Директор огромного института при Гарвардском университете в Бостоне, Жорж Уолд, ученый мирового ранга, лауреат Нобелевской премии, привлек меня, еще в мою бытность в Риме, к деятельности возглавляемого им учреждения, главного отдела Amnesty International США.
Я обращалась с просьбой заступиться за правозащитников, попавших в лапы карательной системы Советского Союза, к главам правительств и к тем, кто возглавлял правозащитные организации США, Великобритании, Франции, Германии, Австрии и Ватикана, собирала подписи под обращениями к ним, просила Брежнева, Горбачева, послов Советского Союза не наносить урон престижу своей страны перед западными демократиями.
Где бы он ни был: в Москве, в ссылке в Горьком, я ставила Сахарова в известность о моих действиях. Я не получила ни одного письма от Андрея Дмитриевича, но позже узнала, что он мои письма получал.
Из американских газет я знала, что происходит в России. И вот обласканный лауреатом Нобелевской премии мира Горбачевым ссыльный Сахаров на свободе.
Мы встретились 27 августа 1989 года. Андрей Дмитриевич и Елена Георгиевна гостили в Бостоне у дочери и сына Елены Георгиевны. Мне позвонила из Бостона в Сент-Луис Таня, дочь Елены Георгиевны и сказала, что Андрей Дмитриевич просит меня приехать 27 августа. «Не могу приехать, — в отчаянии восклицаю я. — У меня гостит мой внук Максим, приехал из Парижа повидать меня. Один приехал. Ему 14 лет». — «А вы с ним приезжайте. У нас для него и компания найдется».
С главой этой компании, Матвеем, сыном Тани, я была знакома по Москве: в 1974 году на кухне, на квартире Сахаровых не хватало рук подержать Матвея. Ему еще не было года. «Дайте мне подержать», — попросила я. «Нет, я подержу, — сказал Сахаров. — Я это люблю». И взял Матвея.

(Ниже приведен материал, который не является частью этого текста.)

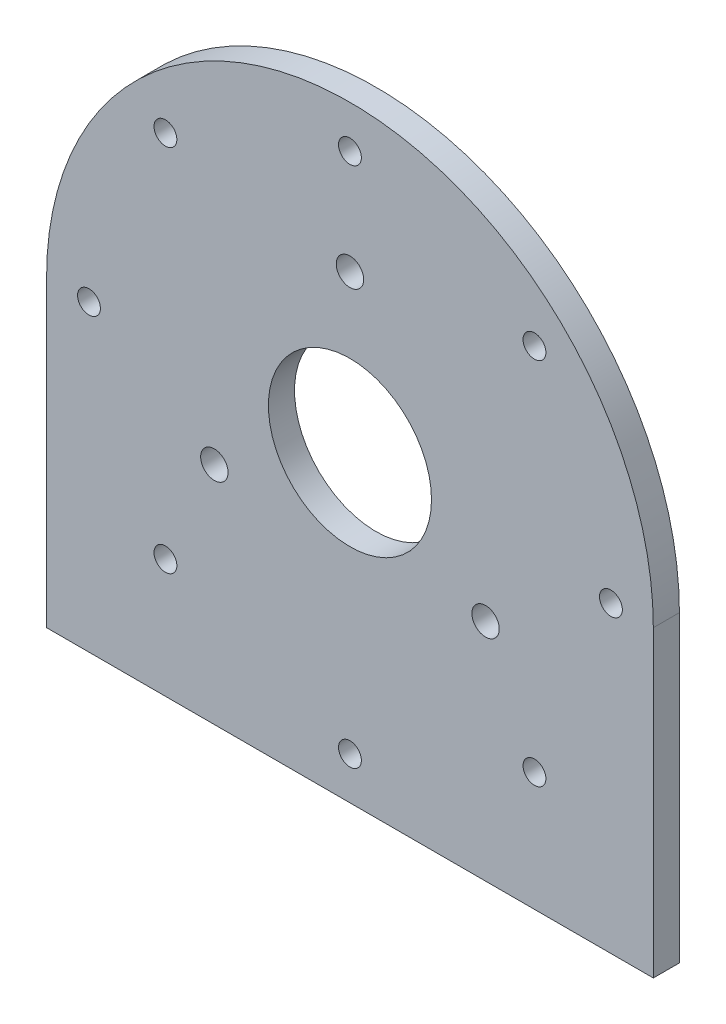
from build123d import *

# Parameters (mm, degrees)
SKETCH1_R           = 2.1
SKETCH1_R_2         = 12.5
SKETCH1_R_3         = 1.75
BOSS_EXTRUDE1_DEPTH = 4


with BuildPart() as part:
    # Sketch1 → Boss-Extrude1 (new body)
    with BuildSketch(Plane.XY):
        with BuildLine():
            Line((-46.5, 0), (-46.5, -46.5))
            Line((-46.5, -46.5), (46.5, -46.5))
            Line((46.5, -46.5), (46.5, 0))
            ThreePointArc((46.5, 0), (0, 46.5), (-46.5, 0))
        make_face()
        with Locations((0, 24)):
            Circle(SKETCH1_R, mode=Mode.SUBTRACT)
        with Locations((-20.784609691, -12)):
            Circle(SKETCH1_R, mode=Mode.SUBTRACT)
        with Locations((20.784609691, -12)):
            Circle(SKETCH1_R, mode=Mode.SUBTRACT)
        Circle(SKETCH1_R_2, mode=Mode.SUBTRACT)
        with Locations((0, 40)):
            Circle(SKETCH1_R_3, mode=Mode.SUBTRACT)
        with Locations((28.284271247, 28.284271247)):
            Circle(SKETCH1_R_3, mode=Mode.SUBTRACT)
        with Locations((40, 0)):
            Circle(SKETCH1_R_3, mode=Mode.SUBTRACT)
        with Locations((28.284271247, -28.284271247)):
            Circle(SKETCH1_R_3, mode=Mode.SUBTRACT)
        with Locations((0, -40)):
            Circle(SKETCH1_R_3, mode=Mode.SUBTRACT)
        with Locations((-28.284271247, -28.284271247)):
            Circle(SKETCH1_R_3, mode=Mode.SUBTRACT)
        with Locations((-40, 0)):
            Circle(SKETCH1_R_3, mode=Mode.SUBTRACT)
        with Locations((-28.284271247, 28.284271247)):
            Circle(SKETCH1_R_3, mode=Mode.SUBTRACT)
    extrude(amount=BOSS_EXTRUDE1_DEPTH)


solid = part.part

Мы явились, и я получила возможность высказать Андрею Дмитриевичу мою оценку кремлевского самодержца и предостеречь Андрея Дмитриевича от ставки на эту однозначно отрицательную фигуру.
Мы завтракали на веранде. Жара была несусветная. Андрей Дмитриевич вошел, натягивая на одно плечо шерстяную курточку поверх рубашки: знак уважения к даме почтенного возраста.
Завтрак был прерван телефонным звонком. Униженные просьбы Сахарова отказаться от свидания с ним из-за его чрезвычайной занятости были адресованы какому-то высокопоставленному лицу, пересекшему океан в надежде повидать Сахарова.
Сахаров приехал в США не отдыхать. Он был всецело поглощен завершением своих мемуаров и созданием Конституции своей страны, целостность которой он всеми силами стремился сохранить.
Позади был Первый съезд народных депутатов, арена борьбы депутата Сахарова за отмену шестой статьи Конституции, вручающей КПСС безраздельную власть над телами и душами подъяремного народа, и за создание партии, объединяющей все свободолюбивые силы страны.